Ah. Achievement. Now that is something I’m still chasing. Just not on the personal-whuffie level, is all.
I would do Five Weeks again in a heartbeat. It made work-life measurably better for forty librarians, and if you look at the aggregator page, you see that even more librarians are still finding value in it. I’m spearheading the ASIST Five Weeks poster because I want to see other people pick up that ball and run with it. (Plus, 90 minutes away, no airports, yay!) There’s no need for disenfranchised librarians; we proved that. That was and is an achievement, worth a lot more than personal whuffie.
I’ll talk about open access and scholarly communication whenever I have half a chance (in fact, I have to make myself stop doing it in social situations!). I want to see open access in its many forms take over the scholarly-communication world for reasons that have nothing whatever to do with me having my wagon hitched to it. It’s just the right thing, for academia and for the world outside it. In fact, if there’s one thing about my career so far that I’m mildly disappointed in, it’s that I haven’t been talking enough about OA, especially to librarians, who aren’t as clueful en masse as one could wish.
(If I could make OA as sexy a bandwagon as Library 2.0, I’d die a happy woman. I just have no idea how to even start doing that.)
Given the opportunity, which is admittedly fairly unlikely, I’ll also speak at tech or tech-librarian conferences. Female visibility in tech is a political-achievement issue for me; nobody’s surprised at that, right? I did turn down Top Tech Trends, but I knew when I did so that LITA had been clueful enough to invite other women (for which, bravo LITA!), and I also knew that those other women had picked up the ball. If they hadn’t… it would have been a much harder decision than it was.

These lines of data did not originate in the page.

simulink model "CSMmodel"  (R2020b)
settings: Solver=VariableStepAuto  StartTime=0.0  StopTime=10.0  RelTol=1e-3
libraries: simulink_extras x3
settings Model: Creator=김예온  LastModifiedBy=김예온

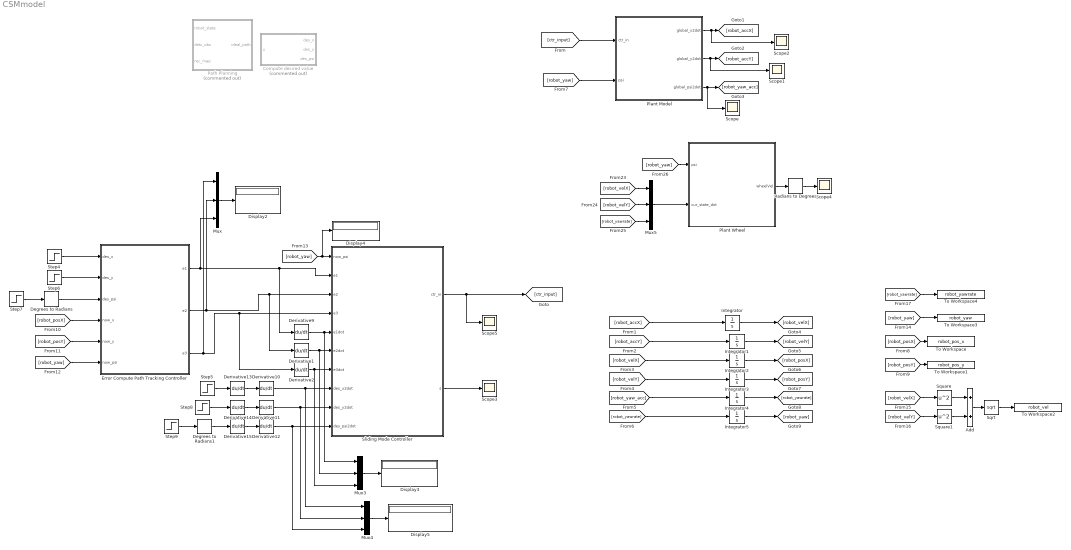
== system CSMmodel ==
  Add : Sum
  Compute desired value : MATLAB Function  Commented=on  TreatAsAtomicUnit=on
  Degrees to Radians : simulink_extras/Transformations/Degrees to Radians
  Degrees to Radians1 : simulink_extras/Transformations/Degrees to Radians
  Derivative{1..2,9..15} (9 alike) : Derivative
  Display{2..5} (4 alike) : Display
  Error Compute Path Tracking Controller : MATLAB Function  TreatAsAtomicUnit=on
  Integrator{,1..5} (6 alike) : Integrator
  Mux{,3..5} (4 alike) : Mux  Inputs=3
  Path Planning : MATLAB Function  Commented=on  TreatAsAtomicUnit=on
  Plant Model : MATLAB Function  TreatAsAtomicUnit=on
  Plant Wheel : MATLAB Function  TreatAsAtomicUnit=on
  Radians to Degrees : simulink_extras/Transformations/Radians to Degrees
  Scope{,1..5} (6 alike) : Scope
  Sliding Mode Controller : MATLAB Function  TreatAsAtomicUnit=on
  Sqrt : Sqrt  SaturateOnIntegerOverflow=on
  Square : Math  Operator=square  SaturateOnIntegerOverflow=on
  Square1 : Math  Operator=square  SaturateOnIntegerOverflow=on
  Step4 : Step  Time=0  SampleTime=0
  Step5 : Step  Time=0  SampleTime=0
  Step{6..9} (4 alike) : Step  Time=0  After=0  SampleTime=0
  To Workspace : ToWorkspace  VariableName=robot_pos_x  SaveFormat=Timeseries  SampleTime=-1
  To Workspace1 : ToWorkspace  VariableName=robot_pos_y  SaveFormat=Timeseries  SampleTime=-1
  To Workspace2 : ToWorkspace  VariableName=robot_vel  SaveFormat=Timeseries  SampleTime=-1
  To Workspace3 : ToWorkspace  VariableName=robot_yaw  SaveFormat=Timeseries  SampleTime=-1
  To Workspace4 : ToWorkspace  VariableName=robot_yawrate  SaveFormat=Timeseries  SampleTime=-1
  wires:
  Radians to Degrees/1 -> Scope4/1
  [robot_yaw] -> Plant Wheel/1(psi)
  Mux5/1 -> Plant Wheel/2(cur_state_dot)
  [robot_velX] -> Mux5/1
  [robot_yawrate] -> Mux5/3
  Derivative2/1 -> Mux3/3, Sliding Mode Controller/7(e3dot)
  Mux3/1 -> Display3/1
  Mux4/1 -> Display5/1
  Integrator1/1 -> [robot_velY]
  Plant Model/1(global_x2dot) -> Scope2/1, [robot_accX]
  Step7/1 -> Degrees to Radians/1
  Step4/1 -> Error Compute Path Tracking Controller/1(des_x)
  [robot_posX] -> To Workspace/1
  Square1/1 -> Add/2
  Degrees to Radians/1 -> Error Compute Path Tracking Controller/3(des_psi)
  Square/1 -> Add/1
  Derivative13/1 -> Derivative10/1
  [robot_yaw] -> To Workspace3/1
  Derivative9/1 -> Mux3/1, Sliding Mode Controller/5(e1dot)
  [robot_velY] -> Mux5/2
  Integrator3/1 -> [robot_posY]
  [robot_velX] -> Square/1
  Plant Wheel/1(wheelVel) -> Radians to Degrees/1
  Mux/1 -> Display2/1
  Step5/1 -> Derivative13/1
  Degrees to Radians1/1 -> Derivative15/1
  Error Compute Path Tracking Controller/1(e1) -> Mux/3, Sliding Mode Controller/2(e1), Derivative9/1
  Derivative14/1 -> Derivative11/1
  Derivative10/1 -> Mux4/1, Sliding Mode Controller/8(des_x2dot)
  Integrator4/1 -> [robot_yawrate]
  [robot_velY] -> Square1/1
  Sliding Mode Controller/2(s) -> Scope3/1
  Derivative12/1 -> Mux4/3, Sliding Mode Controller/10(des_psi2dot)
  Step6/1 -> Error Compute Path Tracking Controller/2(des_y)
  Derivative15/1 -> Derivative12/1
  Add/1 -> Sqrt/1
  [robot_yawrate] -> To Workspace4/1
  [robot_posY] -> To Workspace1/1
  Integrator5/1 -> [robot_yaw]
  [robot_yaw] -> Display4/1, Sliding Mode Controller/1(now_psi)
  [robot_yaw] -> Error Compute Path Tracking Controller/6(now_psi)
  [robot_posX] -> Error Compute Path Tracking Controller/4(now_x)
  Plant Model/2(global_y2dot) -> Scope1/1, [robot_accY]
  Plant Model/3(global_psi2dot) -> Scope/1, [robot_yaw_acc]
  Integrator2/1 -> [robot_posX]
  Error Compute Path Tracking Controller/2(e2) -> Mux/2, Sliding Mode Controller/3(e2), Derivative1/1
  Derivative1/1 -> Mux3/2, Sliding Mode Controller/6(e2dot)
  Sqrt/1 -> To Workspace2/1
  [robot_yaw] -> Plant Model/2(psi)
  [robot_posY] -> Error Compute Path Tracking Controller/5(now_y)
  Step8/1 -> Derivative14/1
  Integrator/1 -> [robot_velX]
  Step9/1 -> Degrees to Radians1/1
  Error Compute Path Tracking Controller/3(e3) -> Mux/1, Sliding Mode Controller/4(e3), Derivative2/1
  [ctr_input] -> Plant Model/1(ctr_in)
  Derivative11/1 -> Mux4/2, Sliding Mode Controller/9(des_y2dot)
  Sliding Mode Controller/1(ctr_in) -> [ctr_input], Scope5/1
  [robot_accX] -> Integrator/1
  [robot_accY] -> Integrator1/1
  [robot_velX] -> Integrator2/1
  [robot_velY] -> Integrator3/1
  [robot_yaw_acc] -> Integrator4/1
  [robot_yawrate] -> Integrator5/1

== matlab function CSMmodel/Plant Model ==
  data: ctr_in input; global_x2dot output; psi input; global_y2dot output; global_psi2dot output
function [global_x2dot, global_y2dot, global_psi2dot]= fcn(ctr_in, psi)
R = 0.05;   % wheel radius [m]
J1 = 0.095;%0.000625;  % nominal inertial of wheel [kgm^2]
H = [0 J1/2 0 J1/2;
     -J1/2 0 -J1/2 0;
     0 J1/2 0 J1/2;
     -J1/2 0 -J1/2 0];
hpsi_mat = h_psi(psi);
% global position Q = [x y psi]^T
% global state = Q2dot
% wheelspeed = [theta1dot theta2dot theta3dot theta4dot]^T
% global_state = R/(4*J1) * hpsi_mat * (H*ctr_in + J1*wheelacc);
global_state = R/(4*J1) * hpsi_mat * ctr_in;
% 
% if(isnan(global_state(1)))
%     global_state(1) = 0;
% end
% 
% if(isnan(global_state(2)))
%     global_state(2) = 0;
% end
%     
% if(isnan(global_state(3)))
%     global_state(3) = 0;
% end

global_x2dot = global_state(1);
global_y2dot = global_state(2);
global_psi2dot = global_state(3);
end

function mat = h_psi(psi)
% returns psi 3x4 matrix
psi = psi + pi/4;
root2 = sqrt(2);

% third row should be 1/(a+b) which will be 1/(2*rou)
mat = [-root2*sin(psi) root2*cos(psi) -root2*sin(psi) root2*cos(psi);
        root2*cos(psi) root2*sin(psi) root2*cos(psi) root2*sin(psi);
        10/3 -10/3 -10/3 10/3];
end

== matlab function CSMmodel/Compute desired value ==
  data: u input; des_x output; des_y output; des_psi output
function [des_x, des_y, des_psi]= fcn(u)

des_x=0;
des_y=0; 
des_psi=0;

== matlab function CSMmodel/Error Compute Path Tracking Controller ==
  data: des_x input; e1 output; des_y input; des_psi input; now_x input; now_y input; now_psi input; e2 output; e3 output
function [e1, e2, e3]= fcn(des_x, des_y, des_psi, now_x, now_y, now_psi)
e1 = -(now_x - des_x);
e2 = -(now_y - des_y);
e3 = -(now_psi - des_psi);
end

== matlab function CSMmodel/Path Planning ==
  data: robot_state input; ideal_path output; detc_obs input; rec_map input
function ideal_path = fcn(robot_state, detc_obs, rec_map)

ideal_path = robot_state;

== matlab function CSMmodel/Sliding Mode Controller ==
  data: now_psi input; ctr_in output; e1 input; e2 input; e3 input; e1dot input; e2dot input; e3dot input; des_x2dot input; des_y2dot input; des_psi2dot input; s output
function [ctr_in, s]= fcn(now_psi, e1, e2, e3, e1dot, e2dot, e3dot, des_x2dot, des_y2dot, des_psi2dot)
J1 = 0.095;%0.000625;  % nominal inertial of wheel [kgm^2]
R = 0.05;   % wheel radius [m]
lamda1 = 8;%1.5;
lamda2 = 8;%1.5;
lamda3 = 8;%1.5;
lamda = [lamda1 0 0; 0 lamda2 0; 0 0 lamda3];
d = 25; %[Nm] 
N = [8*d; 8*d; 4*d/0.3];

errdot = [e1dot; e2dot; e3dot];
Qr2dot = [des_x2dot; des_y2dot; des_psi2dot];

% sliding mode
s = [e1dot + lamda1*e1; e2dot + lamda2*e2; e3dot + lamda3*e3];
hpsi_inv_mat = hpsi_inv(now_psi);     

% final control input
ctr_in = hpsi_inv_mat*(4*J1/R*(Qr2dot+lamda*errdot) + diag(N)*sign(s));

end

function mat = hpsi_inv(psi)
psi = psi + pi/4;
sqrt2 = sqrt(2);
mat = 0.25 * [-sqrt2*sin(psi) sqrt2*cos(psi) 0.3;
                sqrt2*cos(psi) sqrt2*sin(psi) -0.3;
                -sqrt2*sin(psi) sqrt2*cos(psi) -0.3;
                sqrt2*cos(psi) sqrt2*sin(psi) 0.3];
end

== matlab function CSMmodel/Plant Wheel ==
  data: psi input; cur_state_dot input; wheelVel output
function wheelVel= fcn(psi, cur_state_dot)
R = 0.05;   % wheel radius [m]
hpsi_inv_mat = hpsi_inv(psi);

wheelVel = 4/R* hpsi_inv_mat * cur_state_dot;
end

function mat = hpsi_inv(psi)
psi = psi + pi/4;
sqrt2 = sqrt(2);
mat = 0.25 * [-sqrt2*sin(psi) sqrt2*cos(psi) 0.3;
                sqrt2*cos(psi) sqrt2*sin(psi) -0.3;
                -sqrt2*sin(psi) sqrt2*cos(psi) -0.3;
                sqrt2*cos(psi) sqrt2*sin(psi) 0.3];
end

There’s whuffie-less achievement, and achievement-less whuffie, as well as the ideal of whuffie and achievement going hand-in-hand. I think we can all come up with examples of all three in librarianship; I needn’t elaborate. The good thing about where I am and what I’m doing is that I have no reason whatever to chase whuffie that doesn’t also represent real achievement in my mind.
I like that. It suits me well. Means I’ll never be a rock star like Meredith—but I didn’t get into this business for its rock-star potential in the first place.